Guida ai bonus TV/decoder: requisiti, compatibilità e documenti

Una guida chiara per orientarsi tra bonus TV e decoder: requisiti, standard tecnici, dispositivi compatibili e documenti indispensabili.

Guida ai bonus TV/decoder: requisiti, compatibilità e documenti

Bonus TV e decoder: requisiti, dispositivi e documenti

I bonus TV/decoder sono misure pensate per favorire l’adeguamento degli impianti domestici ai nuovi standard televisivi e per sostenere famiglie e persone che necessitano di un set-top box o di un televisore compatibile. Questa guida spiega in modo sistematico quali sono i requisiti tipici, quali dispositivi risultano idonei e quali documenti conviene preparare, così da evitare imprevisti al momento della richiesta o dell’acquisto.
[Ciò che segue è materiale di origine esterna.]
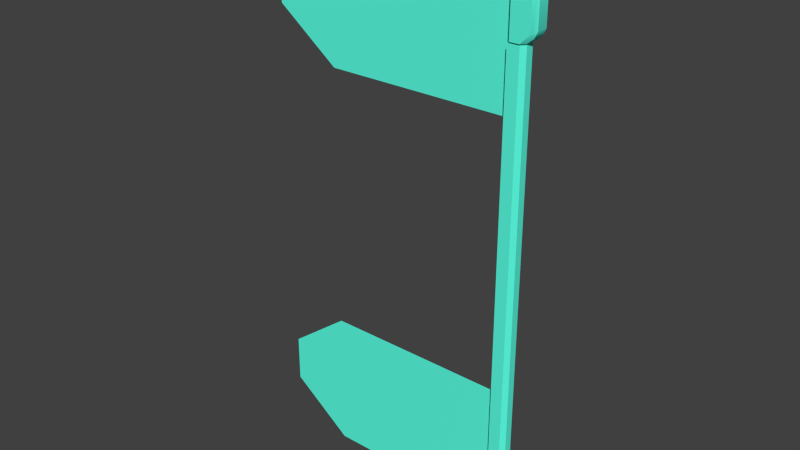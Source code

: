 # Source: flag.blend  (saved by Blender 2.69.7; exported with 4.5.12 LTS)
import bpy
from mathutils import Matrix  # noqa: F401  (used for matrix-valued properties, if any)

bpy.ops.wm.read_factory_settings(use_empty=True)
scene = bpy.context.scene
scene.name = 'Scene'

# ---- collections
col_collection_1 = bpy.data.collections.new('Collection 1'); scene.collection.children.link(col_collection_1)

# ---- materials (node trees are filled in below, after node groups)
mat_common_flag = bpy.data.materials.new('common\\flag')
mat_common_flag.alpha_threshold = 0.0
mat_common_flag.use_transparent_shadow = False
mat_common_flag.diffuse_color = (0.1067, 1.0, 0.7733, 1.0)
mat_common_flag.roughness = 0.5
mat_common_flag.specular_intensity = 1.0
mat_common_flag.line_color = (0.0, 0.0, 0.0, 1.0)

# ---- material node trees

# ---- world
world_world = bpy.data.worlds.new('World'); scene.world = world_world
world_world.color = (0.05088, 0.05088, 0.05088)
world_world.use_sun_shadow = False
world_world.sun_shadow_jitter_overblur = 0.0
world_world.cycles.sampling_method = 'MANUAL'
world_world.cycles.sample_map_resolution = 256

# ---- meshes
me_flag_flagm = bpy.data.meshes.new('flag_flagm')
me_flag_flagm.from_pydata([(-1.4, 0.0, 1.4), (-1.4, 0.0, 0.9333), (-1.4, -34.15, 0.9333), (-1.4, -34.15, 1.4), (-1.4, 34.15, 1.4), (-1.4, 34.15, 0.9333), (-1.4, -34.15, -0.9333), (-1.4, -34.15, -1.4), (-0.546, -35.0, -1.4), (-0.546, -35.0, -0.9333), (1.499, -34.55, -1.008), (2.654, -35.48, -1.008), (2.507, -36.22, -1.68), (0.8266, -34.55, -1.68), (0.8266, -34.55, 1.68), (2.507, -36.22, 1.68), (2.654, -35.48, 1.008), (1.499, -34.55, 1.008), (0.8266, -48.33, -1.68), (2.507, -46.66, -1.68), (2.654, -47.4, -1.008), (1.499, -48.33, -1.008), (0.8266, -48.33, 1.68), (1.499, -48.33, 1.008), (2.654, -47.4, 1.008), (2.507, -46.66, 1.68), (3.179, -36.57, 1.008), (3.179, -46.31, 1.008), (3.179, -46.31, -1.008), (3.179, -36.57, -1.008), (-0.8814, -41.44, -1.26), (-1.721, -41.44, -1.26), (-3.681, -44.88, -1.26), (-3.681, -48.33, -1.26), (-0.8814, -48.33, -1.26), (-0.8814, -48.33, 1.26), (-3.681, -48.33, 1.26), (-3.681, -44.88, 1.26), (-1.721, -41.44, 1.26), (-0.8814, -41.44, 1.26), (-0.8814, 34.55, 1.68), (-0.8814, 41.44, 1.68), (-0.8814, 41.44, 1.26), (-0.8814, 41.44, -1.26), (-0.8814, 41.44, -1.68), (-0.8814, 34.55, -1.68), (0.8266, 34.55, -1.68), (2.507, 36.22, -1.68), (2.654, 35.48, -1.008), (1.499, 34.55, -1.008), (1.499, 34.55, 1.008), (2.654, 35.48, 1.008), (2.507, 36.22, 1.68), (0.8266, 34.55, 1.68), (1.499, 48.33, -1.008), (2.654, 47.4, -1.008), (2.507, 46.66, -1.68), (0.8266, 48.33, -1.68), (3.179, 36.57, 1.008), (3.179, 46.31, 1.008), (2.507, 46.66, 1.68), (2.654, 47.4, 1.008), (1.499, 48.33, 1.008), (0.8266, 48.33, 1.68), (3.179, 46.31, -1.008), (3.179, 36.57, -1.008), (-0.8814, 48.33, -1.26), (-0.8814, 48.33, 1.26), (-3.681, 48.33, -1.26), (-3.681, 48.33, -1.68), (-3.681, 44.88, -1.68), (-3.681, 44.88, -1.26), (-1.721, 41.44, -1.68), (-1.721, 41.44, -1.26), (-1.721, 41.44, 1.26), (-1.721, 41.44, 1.68), (-3.681, 44.88, 1.68), (-3.681, 44.88, 1.26), (-3.681, 48.33, 1.68), (-3.681, 48.33, 1.26), (-34.34, -48.1, 0.0), (-45.26, -39.77, 0.0), (-45.26, -31.44, 0.0), (-34.34, -23.11, 0.0), (-0.8814, -23.11, 0.0), (-0.8814, -48.1, 0.0), (-0.8814, 48.1, 0.0), (-0.8814, 23.11, 0.0), (-34.34, 23.11, 0.0), (-45.26, 31.44, 0.0), (-45.26, 39.77, 0.0), (-34.34, 48.1, 0.0), (0.7, 0.0, 1.4), (0.7, 35.0, 1.4), (-0.546, 35.0, 1.4), (1.4, 35.0, 0.7), (1.4, 0.0, 0.7), (1.4, 0.0, -0.7), (1.4, 35.0, -0.7), (-0.12, 0.0, -0.9333), (-0.12, -35.0, -0.9333), (-0.12, -35.0, 0.9333), (-0.12, 0.0, 0.9333), (-0.12, 35.0, -0.9333), (-0.12, 35.0, 0.9333), (-0.546, 35.0, -0.9333), (-0.546, 35.0, -1.4), (-1.4, 34.15, -1.4), (-1.4, 34.15, -0.9333), (1.4, -35.0, -0.7), (1.4, -35.0, 0.7), (-0.546, -35.0, 1.4), (0.7, -35.0, 1.4), (-1.721, -41.44, 1.68), (-0.8814, -41.44, 1.68), (-3.681, -44.88, -1.68), (-1.721, -41.44, -1.68), (-3.681, -48.33, -1.68), (0.7, 35.0, -1.4), (0.7, 0.0, -1.4), (0.7, -35.0, -1.4), (-1.4, 0.0, -0.9333), (-0.546, 35.0, 0.9333), (-0.546, -35.0, 0.9333), (-0.8814, -34.55, -1.68), (-0.8814, -41.44, -1.68), (-0.8814, -34.55, 1.68), (-3.681, -44.88, 1.68), (-3.681, -48.33, 1.68), (-0.8814, 48.33, 1.68), (-0.8814, 48.33, -1.68), (-1.4, 0.0, -1.4), (-0.8814, -48.33, 1.68), (-0.8814, -48.33, -1.68)], [], [(0, 1, 2, 3), (1, 0, 4, 5), (6, 7, 8, 9), (10, 11, 12, 13), (14, 15, 16, 17), (18, 19, 20, 21), (22, 23, 24, 25), (15, 26, 16), (25, 24, 27), (25, 27, 26, 15), (19, 28, 20), (12, 11, 29), (12, 29, 28, 19), (46, 47, 48, 49), (50, 51, 52, 53), (54, 55, 56, 57), (52, 58, 59, 60), (60, 61, 62, 63), (56, 64, 65, 47), (51, 58, 52), (55, 64, 56), (65, 48, 47), (59, 61, 60), (66, 43, 42, 67), (68, 69, 70, 71), (72, 73, 71, 70), (74, 75, 76, 77), (78, 79, 77, 76), (95, 96, 97, 98), (99, 100, 101, 102), (103, 99, 102, 104), (105, 106, 107, 108), (109, 97, 96, 110), (17, 16, 11, 10), (21, 20, 24, 23), (16, 26, 29, 11), (20, 28, 27, 24), (29, 26, 27, 28), (39, 38, 113, 114), (115, 32, 31, 116), (32, 115, 117, 33), (40, 49, 50, 53), (45, 46, 49, 40), (41, 75, 74, 42), (95, 93, 92, 96), (92, 112, 110, 96), (118, 98, 97, 119), (97, 109, 120, 119), (94, 122, 5, 4), (3, 2, 123, 111), (35, 39, 30, 34), (127, 37, 36, 128), (37, 127, 113, 38), (49, 48, 51, 50), (62, 61, 55, 54), (48, 65, 58, 51), (61, 59, 64, 55), (64, 59, 58, 65), (125, 116, 31, 30), (130, 69, 68, 66), (54, 66, 67, 62), (63, 62, 67, 129), (43, 73, 72, 44), (67, 79, 78, 129), (66, 54, 57, 130), (131, 121, 108, 107), (7, 6, 121, 131), (126, 10, 13, 124), (132, 35, 23, 22), (132, 128, 36, 35), (133, 18, 21, 34), (14, 17, 10, 126), (23, 35, 34, 21), (34, 33, 117, 133), (74, 77, 79, 67, 42), (89, 90, 91, 86, 87, 88), (47, 46, 45, 44, 130, 57, 56), (8, 7, 131, 119, 120), (114, 126, 124, 125, 30, 39), (5, 122, 104, 102, 1), (36, 37, 38, 39, 35), (131, 107, 106, 118, 119), (15, 14, 126, 114, 132, 22, 25), (125, 124, 13, 12, 19, 18, 133), (71, 73, 43, 66, 68), (34, 30, 31, 32, 33), (123, 2, 1, 102, 101), (80, 81, 82, 83, 84, 85), (100, 99, 121, 6, 9), (41, 129, 78, 76, 75), (72, 70, 69, 130, 44), (117, 115, 116, 125, 133), (40, 41, 42, 43, 44, 45), (112, 92, 0, 3, 111), (52, 60, 63, 129, 41, 40, 53), (108, 121, 99, 103, 105), (127, 128, 132, 114, 113), (4, 0, 92, 93, 94)])
me_flag_flagm.polygons.foreach_set('use_smooth', [True] * 98)
_k = set([(0, 3), (0, 4), (1, 2), (1, 5), (2, 3), (2, 123), (3, 111), (4, 5), (4, 94), (5, 122), (6, 7), (6, 9), (6, 121), (7, 8), (7, 131), (8, 9), (8, 120), (9, 100), (10, 11), (10, 13), (10, 17), (11, 29), (12, 13), (12, 19), (13, 124), (14, 15), (14, 17), (14, 126), (15, 25), (16, 17), (16, 26), (18, 19), (18, 21), (18, 133), (20, 21), (20, 28), (21, 23), (22, 23), (22, 25), (22, 132), (23, 24), (24, 27), (26, 27), (28, 29), (30, 31), (30, 34), (30, 125), (31, 32), (31, 116), (32, 33), (32, 115), (33, 34), (33, 117), (34, 35), (35, 36), (35, 39), (36, 37), (36, 128), (37, 38), (37, 127), (38, 39), (38, 113), (39, 114), (40, 41), (40, 45), (40, 53), (41, 42), (41, 75), (42, 67), (42, 74), (43, 44), (43, 66), (43, 73), (44, 45), (44, 72), (45, 46), (46, 47), (46, 49), (47, 56), (48, 49), (48, 65), (49, 50), (50, 51), (50, 53), (51, 58), (52, 53), (52, 60), (54, 55), (54, 57), (54, 62), (55, 64), (56, 57), (57, 130), (58, 59), (59, 61), (60, 63), (61, 62), (62, 63), (63, 129), (64, 65), (66, 67), (66, 68), (67, 79), (68, 69), (68, 71), (69, 70), (69, 130), (70, 71), (70, 72), (71, 73), (72, 73), (74, 75), (74, 77), (75, 76), (76, 77), (76, 78), (77, 79), (78, 79), (78, 129), (80, 81), (80, 85), (81, 82), (82, 83), (83, 84), (84, 85), (86, 87), (86, 91), (87, 88), (88, 89), (89, 90), (90, 91), (92, 93), (92, 112), (93, 94), (93, 95), (94, 122), (95, 96), (95, 98), (96, 110), (97, 98), (97, 109), (98, 118), (99, 100), (99, 103), (100, 101), (101, 102), (101, 123), (102, 104), (103, 104), (103, 105), (104, 122), (105, 106), (105, 108), (106, 107), (106, 118), (107, 108), (107, 131), (108, 121), (109, 110), (109, 120), (110, 112), (111, 112), (111, 123), (113, 114), (113, 127), (114, 126), (115, 116), (115, 117), (116, 125), (117, 133), (118, 119), (119, 120), (124, 125), (124, 126), (127, 128), (128, 132)])
me_flag_flagm.attributes.new('sharp_edge', 'BOOLEAN', 'EDGE').data.foreach_set('value', [ (min(e.vertices), max(e.vertices)) in _k for e in me_flag_flagm.edges])
_uv = me_flag_flagm.uv_layers.new(name='UVMap')
_uv.uv.foreach_set('vector', [0.02244, 0.2927, 0.02244, 0.3031, 0.7836, 0.3031, 0.7836, 0.2927, 0.02244, 0.3031, 0.02244, 0.2927, 0.7836, 0.2927, 0.7836, 0.3031, 0.7755, 0.2927, 0.7755, 0.3031, 0.8024, 0.3031, 0.8024, 0.2927, 0.6422, 0.3454, 0.6775, 0.3482, 0.6926, 0.328, 0.6315, 0.3233, 0.6315, 0.4181, 0.6925, 0.4134, 0.6775, 0.3932, 0.6422, 0.396, 0.9836, 0.3242, 0.9235, 0.3282, 0.9382, 0.3484, 0.9728, 0.3459, 0.983, 0.4171, 0.9727, 0.3957, 0.9382, 0.3931, 0.9236, 0.4132, 0.6925, 0.4134, 0.7013, 0.3928, 0.6775, 0.3932, 0.9236, 0.4132, 0.9382, 0.3931, 0.9147, 0.3928, 0.9236, 0.4132, 0.9147, 0.3928, 0.7013, 0.3928, 0.6925, 0.4134, 0.9235, 0.3282, 0.9147, 0.3486, 0.9382, 0.3484, 0.6926, 0.328, 0.6775, 0.3482, 0.7013, 0.3486, 0.6926, 0.328, 0.7013, 0.3486, 0.9147, 0.3486, 0.9235, 0.3282, 0.6315, 0.3233, 0.6926, 0.328, 0.6775, 0.3482, 0.6422, 0.3454, 0.6422, 0.396, 0.6775, 0.3932, 0.6925, 0.4134, 0.6315, 0.4181, 0.9728, 0.3459, 0.9382, 0.3484, 0.9235, 0.3282, 0.9836, 0.3242, 0.6925, 0.4134, 0.7013, 0.3928, 0.9147, 0.3928, 0.9236, 0.4132, 0.9236, 0.4132, 0.9382, 0.3931, 0.9727, 0.3957, 0.983, 0.4171, 0.9235, 0.3282, 0.9147, 0.3486, 0.7013, 0.3486, 0.6926, 0.328, 0.6775, 0.3932, 0.7013, 0.3928, 0.6925, 0.4134, 0.9382, 0.3484, 0.9147, 0.3486, 0.9235, 0.3282, 0.7013, 0.3486, 0.6775, 0.3482, 0.6926, 0.328, 0.9147, 0.3928, 0.9382, 0.3931, 0.9236, 0.4132, 0.5647, 0.3773, 0.4112, 0.3773, 0.4112, 0.3212, 0.5647, 0.3212, 0.1904, 0.4105, 0.1904, 0.4012, 0.1137, 0.4012, 0.1137, 0.4105, 0.02535, 0.4012, 0.02535, 0.4105, 0.1137, 0.4105, 0.1137, 0.4012, 0.02535, 0.4105, 0.02535, 0.4012, 0.1137, 0.4012, 0.1137, 0.4105, 0.1904, 0.4012, 0.1904, 0.4105, 0.1137, 0.4105, 0.1137, 0.4012, 0.7959, 0.1152, 0.01574, 0.1152, 0.01574, 0.08398, 0.7959, 0.08398, 0.01475, 0.2593, 0.7949, 0.2593, 0.7949, 0.2177, 0.01475, 0.2177, 0.7949, 0.2593, 0.01475, 0.2593, 0.01475, 0.2177, 0.7949, 0.2177, 0.8024, 0.2927, 0.8024, 0.3031, 0.7755, 0.3031, 0.7755, 0.2927, 0.7959, 0.08398, 0.01574, 0.08398, 0.01574, 0.1152, 0.7959, 0.1152, 0.6422, 0.396, 0.6775, 0.3932, 0.6775, 0.3482, 0.6422, 0.3454, 0.9728, 0.3459, 0.9382, 0.3484, 0.9382, 0.3931, 0.9727, 0.3957, 0.6775, 0.3932, 0.7013, 0.3928, 0.7013, 0.3486, 0.6775, 0.3482, 0.9382, 0.3484, 0.9147, 0.3486, 0.9147, 0.3928, 0.9382, 0.3931, 0.7013, 0.3486, 0.7013, 0.3928, 0.9147, 0.3928, 0.9147, 0.3486, 0.006625, 0.4105, 0.02535, 0.4105, 0.02535, 0.4012, 0.006625, 0.4012, 0.1137, 0.4012, 0.1137, 0.4105, 0.02535, 0.4105, 0.02535, 0.4012, 0.1137, 0.4105, 0.1137, 0.4012, 0.1904, 0.4012, 0.1904, 0.4105, 0.2576, 0.3118, 0.2046, 0.3717, 0.2046, 0.3268, 0.2196, 0.3118, 0.2576, 0.3867, 0.2196, 0.3867, 0.2046, 0.3717, 0.2576, 0.3118, 0.006625, 0.4012, 0.02535, 0.4012, 0.02535, 0.4105, 0.006625, 0.4105, 0.7959, 0.1152, 0.7959, 0.1373, 0.01574, 0.1373, 0.01574, 0.1152, 0.01574, 0.1373, 0.7959, 0.1373, 0.7959, 0.1152, 0.01574, 0.1152, 0.7959, 0.06191, 0.7959, 0.08398, 0.01574, 0.08398, 0.01574, 0.06191, 0.01574, 0.08398, 0.7959, 0.08398, 0.7959, 0.06191, 0.01574, 0.06191, 0.8105, 0.2927, 0.8105, 0.3031, 0.7836, 0.3031, 0.7836, 0.2927, 0.7836, 0.2927, 0.7836, 0.3031, 0.8105, 0.3031, 0.8105, 0.2927, 0.5647, 0.3212, 0.4112, 0.3212, 0.4112, 0.3773, 0.5647, 0.3773, 0.1137, 0.4012, 0.1137, 0.4105, 0.1904, 0.4105, 0.1904, 0.4012, 0.1137, 0.4105, 0.1137, 0.4012, 0.02535, 0.4012, 0.02535, 0.4105, 0.6422, 0.3454, 0.6775, 0.3482, 0.6775, 0.3932, 0.6422, 0.396, 0.9727, 0.3957, 0.9382, 0.3931, 0.9382, 0.3484, 0.9728, 0.3459, 0.6775, 0.3482, 0.7013, 0.3486, 0.7013, 0.3928, 0.6775, 0.3932, 0.9382, 0.3931, 0.9147, 0.3928, 0.9147, 0.3486, 0.9382, 0.3484, 0.9147, 0.3486, 0.9147, 0.3928, 0.7013, 0.3928, 0.7013, 0.3486, 0.006625, 0.4012, 0.02535, 0.4012, 0.02535, 0.4105, 0.006625, 0.4105, 0.2529, 0.4012, 0.1904, 0.4012, 0.1904, 0.4105, 0.2529, 0.4105, 0.6178, 0.3717, 0.5647, 0.3773, 0.5647, 0.3212, 0.6178, 0.3268, 0.6028, 0.3118, 0.6178, 0.3268, 0.5647, 0.3212, 0.5647, 0.3118, 0.006625, 0.4105, 0.02535, 0.4105, 0.02535, 0.4012, 0.006625, 0.4012, 0.2529, 0.4105, 0.1904, 0.4105, 0.1904, 0.4012, 0.2529, 0.4012, 0.5647, 0.3773, 0.6178, 0.3717, 0.6028, 0.3867, 0.5647, 0.3867, 0.01431, 0.3031, 0.01431, 0.2927, 0.7755, 0.2927, 0.7755, 0.3031, 0.7755, 0.3031, 0.7755, 0.2927, 0.01431, 0.2927, 0.01431, 0.3031, 0.2576, 0.3118, 0.2046, 0.3717, 0.2196, 0.3867, 0.2576, 0.3867, 0.5647, 0.3118, 0.5647, 0.3212, 0.6178, 0.3268, 0.6028, 0.3118, 0.2529, 0.4012, 0.1904, 0.4012, 0.1904, 0.4105, 0.2529, 0.4105, 0.5647, 0.3867, 0.6028, 0.3867, 0.6178, 0.3717, 0.5647, 0.3773, 0.2196, 0.3118, 0.2046, 0.3268, 0.2046, 0.3717, 0.2576, 0.3118, 0.6178, 0.3268, 0.5647, 0.3212, 0.5647, 0.3773, 0.6178, 0.3717, 0.2529, 0.4105, 0.1904, 0.4105, 0.1904, 0.4012, 0.2529, 0.4012, 0.03691, 0.4542, 0.1137, 0.4105, 0.1904, 0.4105, 0.1904, 0.4729, 0.03691, 0.4729, 0.005369, 0.8043, 0.005369, 0.6186, 0.2488, 0.433, 0.9946, 0.433, 0.9946, 0.99, 0.2488, 0.99, 0.9381, 0.04931, 0.9006, 0.01215, 0.8625, 0.01215, 0.8625, 0.1657, 0.8625, 0.3192, 0.9006, 0.3192, 0.9381, 0.2821, 0.7959, 0.03414, 0.7769, 0.0151, 0.01574, 0.0151, 0.01574, 0.06191, 0.7959, 0.06191, 0.4112, 0.3118, 0.2576, 0.3118, 0.2576, 0.3867, 0.4112, 0.3867, 0.4112, 0.3773, 0.4112, 0.3212, 0.7759, 0.1891, 0.7949, 0.2082, 0.7949, 0.2177, 0.01475, 0.2177, 0.01475, 0.1891, 0.1904, 0.4105, 0.1137, 0.4105, 0.03691, 0.4542, 0.03691, 0.4729, 0.1904, 0.4729, 0.01574, 0.0151, 0.7769, 0.0151, 0.7959, 0.03414, 0.7959, 0.06191, 0.01574, 0.06191, 0.9381, 0.04931, 0.9006, 0.01215, 0.8625, 0.01215, 0.8625, 0.1657, 0.8625, 0.3192, 0.9006, 0.3192, 0.9381, 0.2821, 0.8625, 0.1657, 0.8625, 0.01215, 0.9006, 0.01215, 0.9381, 0.04931, 0.9381, 0.2821, 0.9006, 0.3192, 0.8625, 0.3192, 0.1137, 0.4105, 0.03691, 0.4542, 0.03691, 0.4729, 0.1904, 0.4729, 0.1904, 0.4105, 0.1904, 0.4729, 0.03691, 0.4729, 0.03691, 0.4542, 0.1137, 0.4105, 0.1904, 0.4105, 0.7949, 0.2082, 0.7759, 0.1891, 0.01475, 0.1891, 0.01475, 0.2177, 0.7949, 0.2177, 0.2488, 0.433, 0.005369, 0.6186, 0.005369, 0.8043, 0.2488, 0.99, 0.9946, 0.99, 0.9946, 0.433, 0.7949, 0.2593, 0.01475, 0.2593, 0.01475, 0.2878, 0.7759, 0.2878, 0.7949, 0.2688, 0.03691, 0.3388, 0.1904, 0.3388, 0.1904, 0.4012, 0.1137, 0.4012, 0.03691, 0.3575, 0.03691, 0.3575, 0.1137, 0.4012, 0.1904, 0.4012, 0.1904, 0.3388, 0.03691, 0.3388, 0.1904, 0.4012, 0.1137, 0.4012, 0.03691, 0.3575, 0.03691, 0.3388, 0.1904, 0.3388, 0.2576, 0.3118, 0.4112, 0.3118, 0.4112, 0.3212, 0.4112, 0.3773, 0.4112, 0.3867, 0.2576, 0.3867, 0.7959, 0.1373, 0.01574, 0.1373, 0.01574, 0.1841, 0.7769, 0.1841, 0.7959, 0.165, 0.9381, 0.04931, 0.9381, 0.2821, 0.9006, 0.3192, 0.8625, 0.3192, 0.8625, 0.1657, 0.8625, 0.01215, 0.9006, 0.01215, 0.7759, 0.2878, 0.01475, 0.2878, 0.01475, 0.2593, 0.7949, 0.2593, 0.7949, 0.2688, 0.1137, 0.4012, 0.1904, 0.4012, 0.1904, 0.3388, 0.03691, 0.3388, 0.03691, 0.3575, 0.7769, 0.1841, 0.01574, 0.1841, 0.01574, 0.1373, 0.7959, 0.1373, 0.7959, 0.165])
me_flag_flagm.materials.append(mat_common_flag)
me_flag_flagm.use_remesh_preserve_volume = False
me_flag_flagm.use_remesh_preserve_attributes = False
me_flag_flagm.use_mirror_vertex_groups = False
me_flag_flagm.update()
arm_armature = bpy.data.armatures.new('Armature')  # bones are not reproduced

# ---- objects
ob_armature = bpy.data.objects.new('Armature', arm_armature)
ob_flag = bpy.data.objects.new('flag', me_flag_flagm)

# ---- transforms, parenting, visibility, modifiers, constraints
ob_armature.location = (0.0, 0.0, 0.0)
ob_armature.show_in_front = True
ob_armature.lineart.crease_threshold = 0.0
ob_flag.location = (0.0, 0.0, 0.0)
ob_flag.rotation_euler = (1.571, -0.0, 0.0)
ob_flag.lineart.crease_threshold = 0.0
_vg = ob_flag.vertex_groups.new(name='main')
_vg.add([0, 1, 2, 3, 4, 5, 6, 7, 8, 9, 10, 11, 12, 13, 14, 15, 16, 17, 18, 19, 20, 21, 22, 23, 24, 25, 26, 27, 28, 29, 30, 31, 32, 33, 34, 35, 36, 37, 38, 39, 40, 41, 42, 43, 44, 45, 46, 47, 48, 49, 50, 51, 52, 53, 54, 55, 56, 57, 58, 59, 60, 61, 62, 63, 64, 65, 66, 67, 68, 69, 70, 71, 72, 73, 74, 75, 76, 77, 78, 79, 80, 81, 82, 83, 84, 85, 86, 87, 88, 89, 90, 91, 92, 93, 94, 95, 96, 97, 98, 99, 100, 101, 102, 103, 104, 105, 106, 107, 108, 109, 110, 111, 112, 113, 114, 115, 116, 117, 118, 119, 120, 121, 122, 123, 124, 125, 126, 127, 128, 129, 130, 131, 132, 133], 1.0, 'REPLACE')
_m = ob_flag.modifiers.new('EdgeSplit', 'EDGE_SPLIT')
_m.split_angle = 0.5061
_m.use_edge_angle = False
_m = ob_flag.modifiers.new('Armature', 'ARMATURE')
_m.object = ob_armature

# ---- collection membership
col_collection_1.objects.link(ob_armature)
col_collection_1.objects.link(ob_flag)

# ---- scene / render settings (as saved in the file)
scene.frame_start = 1; scene.frame_end = 1; scene.frame_set(1)
scene.render.engine = 'BLENDER_EEVEE_NEXT'
scene.render.resolution_percentage = 50
scene.render.dither_intensity = 0.0
scene.cycles.use_denoising = False
scene.cycles.samples = 10
scene.cycles.sampling_pattern = 'TABULATED_SOBOL'
scene.cycles.light_sampling_threshold = 0.0
scene.cycles.use_adaptive_sampling = False
scene.cycles.use_light_tree = False
scene.cycles.blur_glossy = 0.0
scene.cycles.volume_bounces = 1
scene.cycles.pixel_filter_type = 'GAUSSIAN'
scene.cycles.sample_clamp_indirect = 0.0
scene.view_settings.view_transform = 'Standard'
bpy.context.view_layer.update()

# ---- added for rendering (the .blend has no active camera and no usable light): camera, sun
cam_auto = bpy.data.cameras.new('AutoCamera')
cam_auto.lens = 50.0
cam_auto.sensor_width = 36.0
cam_auto.clip_end = 1756.38
ob_auto_camera = bpy.data.objects.new('AutoCamera', cam_auto)
scene.collection.objects.link(ob_auto_camera)
ob_auto_camera.location = (79.0374, -120.095, 80.063)
ob_auto_camera.rotation_euler = (1.09748, -7.21219e-08, 0.694738)
scene.camera = ob_auto_camera
light_auto_sun = bpy.data.lights.new('AutoSun', 'SUN')
light_auto_sun.energy = 3.0
light_auto_sun.angle = 0.0523599
ob_auto_sun = bpy.data.objects.new('AutoSun', light_auto_sun)
scene.collection.objects.link(ob_auto_sun)
ob_auto_sun.rotation_euler = (0.872665, 0.174533, 0.523599)
bpy.context.view_layer.update()

Il tema è rilevante perché la ricezione dei canali dipende dalla compatibilità con DVB-T2 e con il codec HEVC. Comprendere differenze e casi d’uso aiuta a scegliere tra un TV con tuner integrato e un decoder esterno. L’articolo segue un percorso pratico: requisiti generali, confronto degli standard, checklist dei documenti e una tabella di scenari per guidare la decisione d’acquisto.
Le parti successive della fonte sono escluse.